Monday, March 26, 2012

Mulcair wins NDP race

Back in the 80's during junior high and high school, my close group of friends and I were each politically aligned across all three parties--PC, Liberal, and NDP.  I believe we had two influences at the time--our parents, and our social studies teachers.

One of my friends was an NDP supporter because his particular teacher was a staunch socialist.  This teacher had pictograms on the wall of how socialism worked--how wealth was equally distributed which made all the smiley faces happy.  My social studies teacher, on the other hand, explained socialism as such:

"Imagine if we redistrbuted the marks in this class so you'd each have the average.  No matter how hard you studied, even if you got 100%, you'd get the average.  Is that fair?"

We ALL thought that wasn't fair.

The classic socialist way of thinking, seemed to be what the NDP at the time stood for, along with strong union ties.  Ed Broadbent, a charasmatic leader, brought the party to its highest standing in the house, however more likely due to a weak Liberal leader, seeing their party standing reach the lowest in its history.

Sound familiar?

After Ed stepped down, the NDP elected two capable women to lead them, but with a strong Liberal leader in Jean Chretien, and the conservative side split up, the momentum was lost. 

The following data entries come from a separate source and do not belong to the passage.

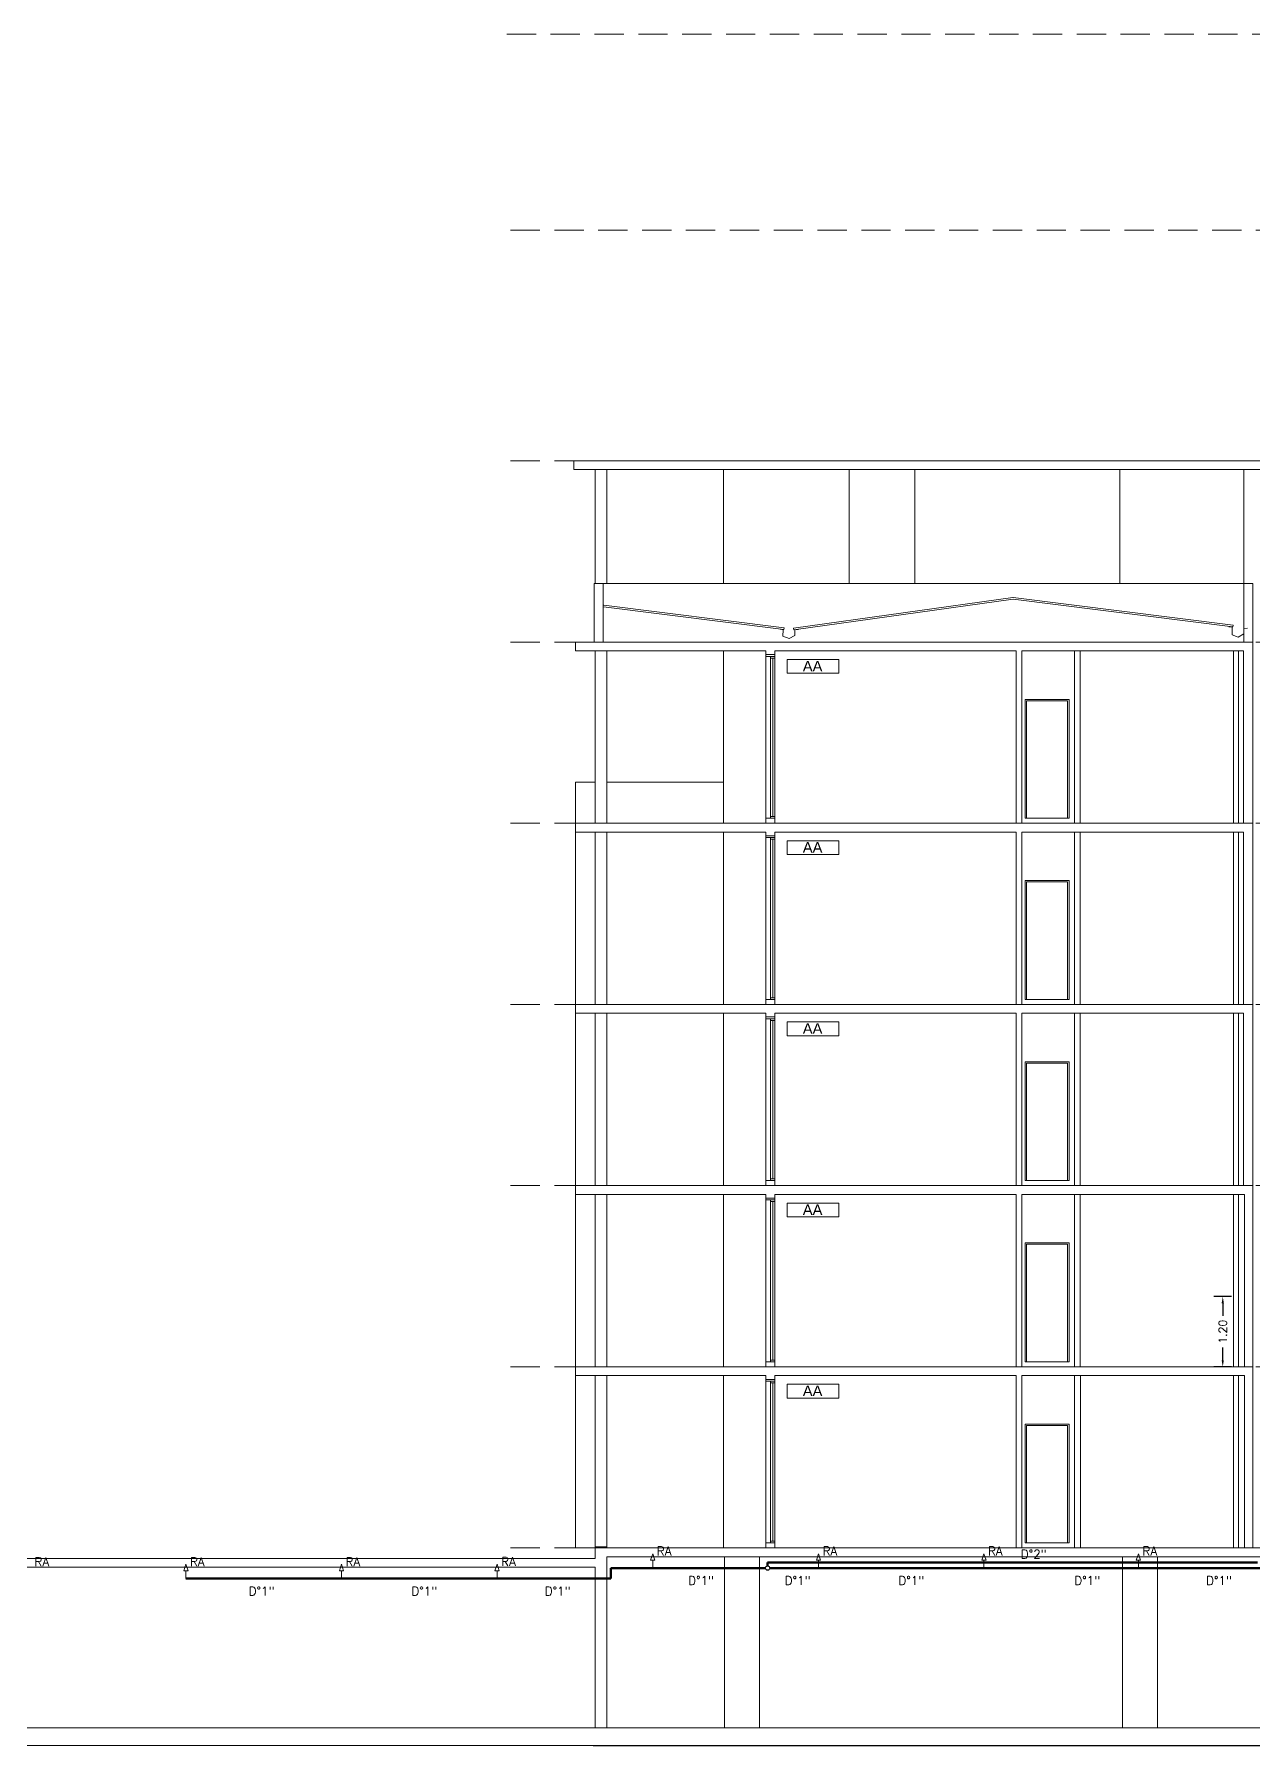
# Model space of a CAD drawing. Header units: millimetres. Extents: x 917 to 1168, y -421 to -23.
# Drawn here: x 1045.93 to 1066.78, y -52.95 to -23.67 of the extents above; entities that cross this region are included whole.
import ezdxf
from ezdxf.enums import TextEntityAlignment as Align

# ---------------------------------------------------------------- set-up
doc = ezdxf.new("R2010")
doc.units = ezdxf.units.MM
doc.header["$LTSCALE"] = 0.1
doc.linetypes.add('CONTINUA', pattern=[0])
doc.linetypes.add('HIDDEN', pattern=[0.375, 0.25, -0.125])
doc.layers.get('0').update_dxf_attribs({"lineweight": 5})
for name, color, linetype, lineweight in [('00_Incendio_Cañeria', 1, 'Continuous', 30), ('00_Incendio_Montantes', 1, 'Continuous', 30), ('00_Incendio_Textos', 7, 'Continuous', 13), ('Cotas', 7, 'Continuous', 13), ('Incendio - Texto', 11, 'Continuous', 18)]:
    doc.layers.add(name, color=color, linetype=linetype, lineweight=lineweight)
doc.styles.add('Arial', font='arial.ttf', dxfattribs={"height": 0.245883})
doc.styles.add('Cotas2', font='romans.shx')
doc.styles.add('Romans', font='romans.shx')
doc.styles.get("Standard").update_dxf_attribs({"font": 'arial.ttf'})
doc.dimstyles.new('Cotas--1-75', dxfattribs={"dimscale": 0.075, "dimtxt": 1.75, "dimasz": 1.5, "dimexe": 2, "dimexo": 5, "dimgap": 0.5, "dimtad": 0, "dimtih": 1, "dimtoh": 1, "dimzin": 0, "dimdsep": 46, "dimtxsty": 'Cotas2', "dimcen": 3, "dimdle": 2, "dimadec": 0, "dimazin": 0, "dimtfac": 1, "dimtofl": 0, "dimtmove": 2, "dimatfit": 3, "dimfxl": 2, "dimtolj": 1, "dimtzin": 0, "dimarcsym": 0})

# ---------------------------------------------------------------- blocks, each defined once
blk = doc.blocks.new('Corte')
at = {"color": 8, "linetype": 'HIDDEN', "ltscale": 20}
for p, q in [((791.358, -96.652), (839.966, -96.652)), ((791.423, -100.002), (839.966, -100.002)), ((791.423, -103.952), (839.966, -103.952)), ((791.423, -107.052), (839.966, -107.052)), ((791.423, -110.152), (839.966, -110.152)), ((791.423, -113.252), (839.966, -113.252)), ((791.423, -116.352), (839.966, -116.352)), ((791.423, -119.452), (839.966, -119.452)), ((791.423, -122.552), (839.966, -122.552)), ((791.423, -125.632), (839.966, -125.632))]:
    blk.add_line(p, q, dxfattribs=at)
at = {"color": 8, "lineweight": 18}
for p, q in [((792.502, -103.952), (792.502, -104.102)), ((792.502, -103.952), (795.064, -103.952)), ((792.869, -103.952), (793.069, -103.952)), ((792.869, -103.952), (793.069, -103.952)), ((806.37, -103.952), (795.064, -103.952)), ((806.37, -103.952), (795.064, -103.952)), ((806.385, -104.102), (792.502, -104.102)), ((792.869, -104.102), (792.869, -106.052)), ((793.069, -106.052), (793.069, -104.102)), ((795.064, -106.052), (795.064, -104.102)), ((797.216, -106.052), (797.216, -104.102)), ((798.338, -106.052), (798.338, -104.102)), ((801.847, -104.102), (801.847, -106.052)), ((803.963, -106.052), (803.963, -104.102)), ((792.854, -106.052), (792.854, -107.052)), ((793.009, -106.052), (792.854, -106.052)), ((793.009, -107.052), (793.009, -106.052)), ((803.963, -106.052), (793.009, -106.052)), ((795.944, -106.052), (793.069, -106.052)), ((800.014, -106.289), (796.262, -106.813)), ((800.021, -106.289), (803.781, -106.764)), ((803.963, -106.052), (803.963, -107.052)), ((804.118, -106.052), (803.963, -106.052)), ((803.963, -106.052), (803.963, -107.052)), ((804.118, -106.052), (803.963, -106.052)), ((804.118, -122.552), (804.118, -106.052)), ((793.011, -106.452), (796.097, -106.839)), ((793.015, -106.423), (796.102, -106.809)), ((800.018, -106.318), (796.266, -106.843)), ((800.017, -106.318), (803.777, -106.793)), ((796.102, -106.809), (796.097, -106.839)), ((796.262, -106.813), (796.266, -106.843)), ((803.781, -106.764), (803.777, -106.793)), ((803.963, -107.052), (792.532, -107.052)), ((792.532, -107.052), (792.532, -107.202)), ((803.963, -107.052), (804.118, -107.052)), ((803.963, -107.052), (804.118, -107.052)), ((792.532, -107.202), (795.789, -107.202)), ((792.869, -107.202), (792.869, -110.152)), ((793.069, -110.152), (793.069, -107.202)), ((795.064, -110.152), (795.064, -107.202)), ((795.789, -107.202), (795.789, -107.267)), ((795.789, -107.267), (795.945, -107.267)), ((795.789, -107.267), (795.789, -107.297)), ((795.945, -107.267), (795.789, -107.267)), ((795.789, -110.067), (795.789, -107.297)), ((795.789, -107.297), (795.945, -107.297)), ((795.867, -107.297), (795.867, -107.327)), ((795.945, -107.297), (795.867, -107.297)), ((795.867, -107.327), (795.945, -107.327)), ((795.867, -110.037), (795.867, -107.327)), ((795.867, -110.037), (795.867, -107.327)), ((795.907, -107.327), (795.887, -107.327)), ((795.907, -110.037), (795.907, -107.327)), ((795.945, -107.267), (795.945, -107.202)), ((795.945, -107.202), (800.07, -107.202)), ((795.945, -107.297), (795.945, -107.267)), ((795.945, -107.327), (795.945, -107.297)), ((795.945, -110.037), (795.945, -107.327)), ((800.07, -107.202), (800.07, -110.152)), ((800.17, -110.152), (800.17, -107.202)), ((800.17, -107.202), (803.962, -107.202)), ((801.068, -110.152), (801.068, -107.202)), ((801.168, -107.202), (801.168, -110.152)), ((803.788, -107.202), (803.788, -110.152)), ((803.873, -110.152), (803.873, -107.202)), ((803.962, -107.202), (803.962, -110.152)), ((800.225, -110.067), (800.225, -108.032)), ((800.225, -108.032), (800.975, -108.032)), ((800.975, -108.032), (800.225, -108.032)), ((800.225, -108.032), (800.225, -110.067)), ((800.25, -110.067), (800.25, -108.057)), ((800.285, -108.057), (800.25, -108.057)), ((800.285, -108.057), (800.95, -108.057)), ((800.95, -108.057), (800.95, -110.067)), ((800.975, -108.032), (800.975, -110.067)), ((800.975, -110.067), (800.975, -108.032)), ((792.869, -109.452), (792.532, -109.452)), ((792.532, -109.452), (792.532, -110.152)), ((795.064, -109.452), (793.069, -109.452)), ((795.945, -110.067), (795.789, -110.067)), ((795.789, -110.067), (795.789, -110.152)), ((795.867, -110.037), (795.867, -110.067)), ((795.945, -110.037), (795.867, -110.037)), ((795.867, -110.067), (795.945, -110.067)), ((795.887, -110.037), (795.907, -110.037)), ((795.945, -110.067), (795.945, -110.037)), ((795.945, -110.152), (795.945, -110.067)), ((800.25, -110.067), (800.225, -110.067)), ((800.225, -110.067), (800.25, -110.067)), ((800.285, -110.067), (800.25, -110.067)), ((800.975, -110.067), (800.285, -110.067)), ((800.95, -110.067), (800.285, -110.067)), ((800.95, -110.067), (800.975, -110.067)), ((803.962, -110.152), (792.532, -110.152)), ((792.532, -110.152), (792.532, -110.302)), ((792.532, -110.302), (792.532, -113.252)), ((792.532, -110.302), (795.789, -110.302)), ((792.869, -110.302), (792.869, -113.252)), ((793.069, -113.252), (793.069, -110.302)), ((795.064, -113.252), (795.064, -110.302)), ((795.789, -110.302), (795.789, -110.367)), ((795.789, -110.367), (795.945, -110.367)), ((795.789, -110.367), (795.789, -110.397)), ((795.945, -110.367), (795.789, -110.367)), ((795.789, -113.167), (795.789, -110.397)), ((795.789, -110.397), (795.945, -110.397)), ((795.867, -110.397), (795.867, -110.427)), ((795.945, -110.397), (795.867, -110.397)), ((795.945, -110.367), (795.945, -110.302)), ((795.945, -110.302), (800.07, -110.302)), ((795.945, -110.397), (795.945, -110.367)), ((795.945, -110.427), (795.945, -110.397)), ((800.07, -110.302), (800.07, -113.252)), ((800.17, -113.252), (800.17, -110.302)), ((800.17, -110.302), (803.962, -110.302)), ((801.068, -113.252), (801.068, -110.302)), ((801.168, -110.302), (801.168, -113.252)), ((803.788, -110.302), (803.788, -113.252)), ((803.873, -113.252), (803.873, -110.302)), ((803.962, -110.152), (804.118, -110.152)), ((803.962, -110.302), (803.962, -113.252)), ((795.867, -110.427), (795.945, -110.427)), ((795.867, -113.137), (795.867, -110.427)), ((795.867, -113.137), (795.867, -110.427)), ((795.907, -110.427), (795.887, -110.427)), ((795.907, -113.137), (795.907, -110.427)), ((795.945, -113.137), (795.945, -110.427)), ((800.225, -113.167), (800.225, -111.132)), ((800.225, -111.132), (800.975, -111.132)), ((800.975, -111.132), (800.225, -111.132)), ((800.225, -111.132), (800.225, -113.167)), ((800.25, -113.167), (800.25, -111.157)), ((800.285, -111.157), (800.25, -111.157)), ((800.285, -111.157), (800.95, -111.157)), ((800.95, -111.157), (800.95, -113.167)), ((800.975, -111.132), (800.975, -113.167)), ((800.975, -113.167), (800.975, -111.132)), ((803.962, -113.252), (792.532, -113.252)), ((792.532, -113.252), (792.532, -113.402)), ((795.945, -113.167), (795.789, -113.167)), ((795.789, -113.167), (795.789, -113.252)), ((795.867, -113.137), (795.867, -113.167)), ((795.945, -113.137), (795.867, -113.137)), ((795.867, -113.167), (795.945, -113.167)), ((795.887, -113.137), (795.907, -113.137)), ((795.945, -113.167), (795.945, -113.137)), ((795.945, -113.252), (795.945, -113.167)), ((800.25, -113.167), (800.225, -113.167)), ((800.225, -113.167), (800.25, -113.167)), ((800.285, -113.167), (800.25, -113.167)), ((800.975, -113.167), (800.285, -113.167)), ((800.95, -113.167), (800.285, -113.167)), ((800.95, -113.167), (800.975, -113.167)), ((803.962, -113.252), (804.118, -113.252)), ((792.532, -113.402), (792.532, -116.352)), ((792.532, -113.402), (795.789, -113.402)), ((792.869, -113.402), (792.869, -116.352)), ((793.069, -116.352), (793.069, -113.402)), ((795.064, -116.352), (795.064, -113.402)), ((795.789, -113.402), (795.789, -113.467)), ((795.789, -113.467), (795.945, -113.467)), ((795.789, -113.467), (795.789, -113.497)), ((795.945, -113.467), (795.789, -113.467)), ((795.789, -116.267), (795.789, -113.497)), ((795.789, -113.497), (795.945, -113.497)), ((795.867, -113.497), (795.867, -113.527)), ((795.945, -113.497), (795.867, -113.497)), ((795.867, -113.527), (795.945, -113.527)), ((795.867, -116.237), (795.867, -113.527)), ((795.867, -116.237), (795.867, -113.527)), ((795.907, -113.527), (795.887, -113.527)), ((795.907, -116.237), (795.907, -113.527)), ((795.945, -113.467), (795.945, -113.402)), ((795.945, -113.402), (800.07, -113.402)), ((795.945, -113.497), (795.945, -113.467)), ((795.945, -113.527), (795.945, -113.497)), ((795.945, -116.237), (795.945, -113.527)), ((800.07, -113.402), (800.07, -116.352)), ((800.17, -116.352), (800.17, -113.402)), ((800.17, -113.402), (803.962, -113.402)), ((801.068, -116.352), (801.068, -113.402)), ((801.168, -113.402), (801.168, -116.352)), ((803.788, -113.402), (803.788, -116.352)), ((803.873, -116.352), (803.873, -113.402)), ((803.962, -113.402), (803.962, -116.352)), ((800.225, -116.267), (800.225, -114.232)), ((800.225, -114.232), (800.975, -114.232)), ((800.975, -114.232), (800.225, -114.232)), ((800.225, -114.232), (800.225, -116.267)), ((800.25, -116.267), (800.25, -114.257)), ((800.285, -114.257), (800.25, -114.257)), ((800.285, -114.257), (800.95, -114.257)), ((800.95, -114.257), (800.95, -116.267)), ((800.975, -114.232), (800.975, -116.267)), ((800.975, -116.267), (800.975, -114.232)), ((795.867, -116.237), (795.867, -116.267)), ((795.945, -116.237), (795.867, -116.237)), ((795.887, -116.237), (795.907, -116.237)), ((795.945, -116.267), (795.945, -116.237)), ((803.962, -116.352), (792.532, -116.352)), ((792.532, -116.352), (792.532, -116.502)), ((792.532, -116.502), (792.532, -119.452)), ((792.532, -116.502), (795.789, -116.502)), ((792.869, -116.502), (792.869, -119.452)), ((793.069, -119.452), (793.069, -116.502)), ((795.064, -119.452), (795.064, -116.502)), ((795.945, -116.267), (795.789, -116.267)), ((795.789, -116.267), (795.789, -116.352)), ((795.789, -116.502), (795.789, -116.567)), ((795.867, -116.267), (795.945, -116.267)), ((795.945, -116.352), (795.945, -116.267)), ((795.945, -116.567), (795.945, -116.502)), ((795.945, -116.502), (800.07, -116.502)), ((800.07, -116.502), (800.07, -119.452)), ((800.17, -119.452), (800.17, -116.502)), ((800.17, -116.502), (803.978, -116.502)), ((800.25, -116.267), (800.225, -116.267)), ((800.225, -116.267), (800.25, -116.267)), ((800.285, -116.267), (800.25, -116.267)), ((800.975, -116.267), (800.285, -116.267)), ((800.95, -116.267), (800.285, -116.267)), ((800.95, -116.267), (800.975, -116.267)), ((801.068, -119.452), (801.068, -116.502)), ((801.168, -116.502), (801.168, -119.452)), ((803.788, -116.502), (803.788, -119.452)), ((803.873, -119.452), (803.873, -116.502)), ((803.962, -116.352), (804.118, -116.352)), ((803.978, -116.502), (803.978, -119.452)), ((795.789, -116.567), (795.945, -116.567)), ((795.789, -116.567), (795.789, -116.597)), ((795.945, -116.567), (795.789, -116.567)), ((795.789, -119.367), (795.789, -116.597)), ((795.789, -116.597), (795.945, -116.597)), ((795.867, -116.597), (795.867, -116.627)), ((795.945, -116.597), (795.867, -116.597)), ((795.867, -116.627), (795.945, -116.627)), ((795.867, -119.337), (795.867, -116.627)), ((795.867, -119.337), (795.867, -116.627)), ((795.907, -116.627), (795.887, -116.627)), ((795.907, -119.337), (795.907, -116.627)), ((795.945, -116.597), (795.945, -116.567)), ((795.945, -116.627), (795.945, -116.597)), ((795.945, -119.337), (795.945, -116.627)), ((800.225, -119.367), (800.225, -117.332)), ((800.225, -117.332), (800.975, -117.332)), ((800.975, -117.332), (800.225, -117.332)), ((800.225, -117.332), (800.225, -119.367)), ((800.25, -119.367), (800.25, -117.357)), ((800.285, -117.357), (800.25, -117.357)), ((800.285, -117.357), (800.95, -117.357)), ((800.95, -117.357), (800.95, -119.367)), ((800.975, -117.332), (800.975, -119.367)), ((800.975, -119.367), (800.975, -117.332)), ((803.978, -119.452), (792.532, -119.452)), ((792.532, -119.452), (792.532, -119.602)), ((795.945, -119.367), (795.789, -119.367)), ((795.789, -119.367), (795.789, -119.452)), ((795.867, -119.337), (795.867, -119.367)), ((795.945, -119.337), (795.867, -119.337)), ((795.867, -119.367), (795.945, -119.367)), ((795.887, -119.337), (795.907, -119.337)), ((795.945, -119.367), (795.945, -119.337)), ((795.945, -119.452), (795.945, -119.367)), ((800.25, -119.367), (800.225, -119.367)), ((800.225, -119.367), (800.25, -119.367)), ((800.285, -119.367), (800.25, -119.367)), ((800.975, -119.367), (800.285, -119.367)), ((800.95, -119.367), (800.285, -119.367)), ((800.95, -119.367), (800.975, -119.367)), ((803.978, -119.452), (804.118, -119.452)), ((792.532, -119.602), (795.789, -119.602)), ((792.532, -119.602), (792.532, -122.552)), ((792.869, -119.602), (792.869, -122.552)), ((793.069, -122.552), (793.069, -119.602)), ((795.064, -122.552), (795.064, -119.602)), ((795.789, -119.602), (795.789, -119.667)), ((795.789, -119.667), (795.945, -119.667)), ((795.789, -119.667), (795.789, -119.697)), ((795.945, -119.667), (795.789, -119.667)), ((795.789, -122.467), (795.789, -119.697)), ((795.789, -119.697), (795.945, -119.697)), ((795.867, -119.697), (795.867, -119.727)), ((795.945, -119.697), (795.867, -119.697)), ((795.867, -119.727), (795.945, -119.727)), ((795.867, -122.437), (795.867, -119.727)), ((795.867, -122.437), (795.867, -119.727)), ((795.907, -119.727), (795.887, -119.727)), ((795.907, -122.437), (795.907, -119.727)), ((795.945, -119.667), (795.945, -119.602)), ((795.945, -119.602), (800.07, -119.602)), ((795.945, -119.697), (795.945, -119.667)), ((795.945, -119.727), (795.945, -119.697)), ((795.945, -122.437), (795.945, -119.727)), ((800.07, -119.602), (800.07, -122.552)), ((800.17, -122.552), (800.17, -119.602)), ((800.17, -119.602), (803.978, -119.602)), ((801.07, -122.552), (801.07, -119.602)), ((801.17, -119.602), (801.17, -122.552)), ((803.788, -119.602), (803.788, -122.552)), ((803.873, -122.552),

Then a former Toronto city councillor jumped into the fray, and the era of Jack Layton, began, albeit slowly.

Jack's political prowess was not in winning over the rest of Canada, even where the NDP was born, but in seeing a political vacuum occur in Quebec, where the Bloc was losing its stature, especially in a Conservative minority gov't, often voting with the government, as the government poured money into Quebec.  Few have mentioned this strategy, but a hole was found when a piddly amount of arts funding into Quebec was to be cut and this cost Harper a potential majority.

Even though the idea of a coalition between the Liberals and NDP (with Bloc support) was most popular in Quebec, with the NDP creeping into political areas usually exclusively associated with Gilles Duceppe's party's views, Quebeckers began to realize that the NDP, if enough support was given, could actually form government with a strong Quebec-centered caucus and policy.

Another "Quiet Revolution" was born.

But we must remember, that in 2007 the captain who won one of the strongest Liberal ridings in Quebec, Outremont, was Thomas Mulcair.  A former cabinet minister in Jean Charest's Liberal government, Mulcair easily won the riding, most likely due to defecting Bloc supporters.

Then Jack appointed him and Libby Davies to be co-deputy leaders in caucus.  And because of Jack's sad loss to cancer, on the weekend, Mulcair became NDP leader and leader of the official opposition.

And it was the right choice for the NDP--maintaining their strong foothold in Quebec with someone who is well known and popular there.

He says his first priority is party unity.  Even elderstatesman Ed Broadbent said himself he wasn't supporting Mulcair due to Mulcair wanting to broaden the party base (there's a 'broad' pun in there somewhere) and more the party to the centre.  There's a bit of work to do there, but this is smart.  Jack began to do just that with even suggesting tax cuts and being working family oriented, so that those words weren't exclusively for Harper.

Many years ago in the UK, the Labour party and Conservatives squished out the Liberals to non-existence.

By electing Mulcair to continue Jack's legacy, the NDP may do just that.  But Mulcair has recognized that his first priority is party unity.  He needs to convince the old party brass of Brian Topp and Ed Broadbent that, like my old friend's social studies teacher back in the 80's, the old socialist way of thinking may get some elected, but it won't form a federal government.

No wonder the Liberals want to move their leadership race to this Fall.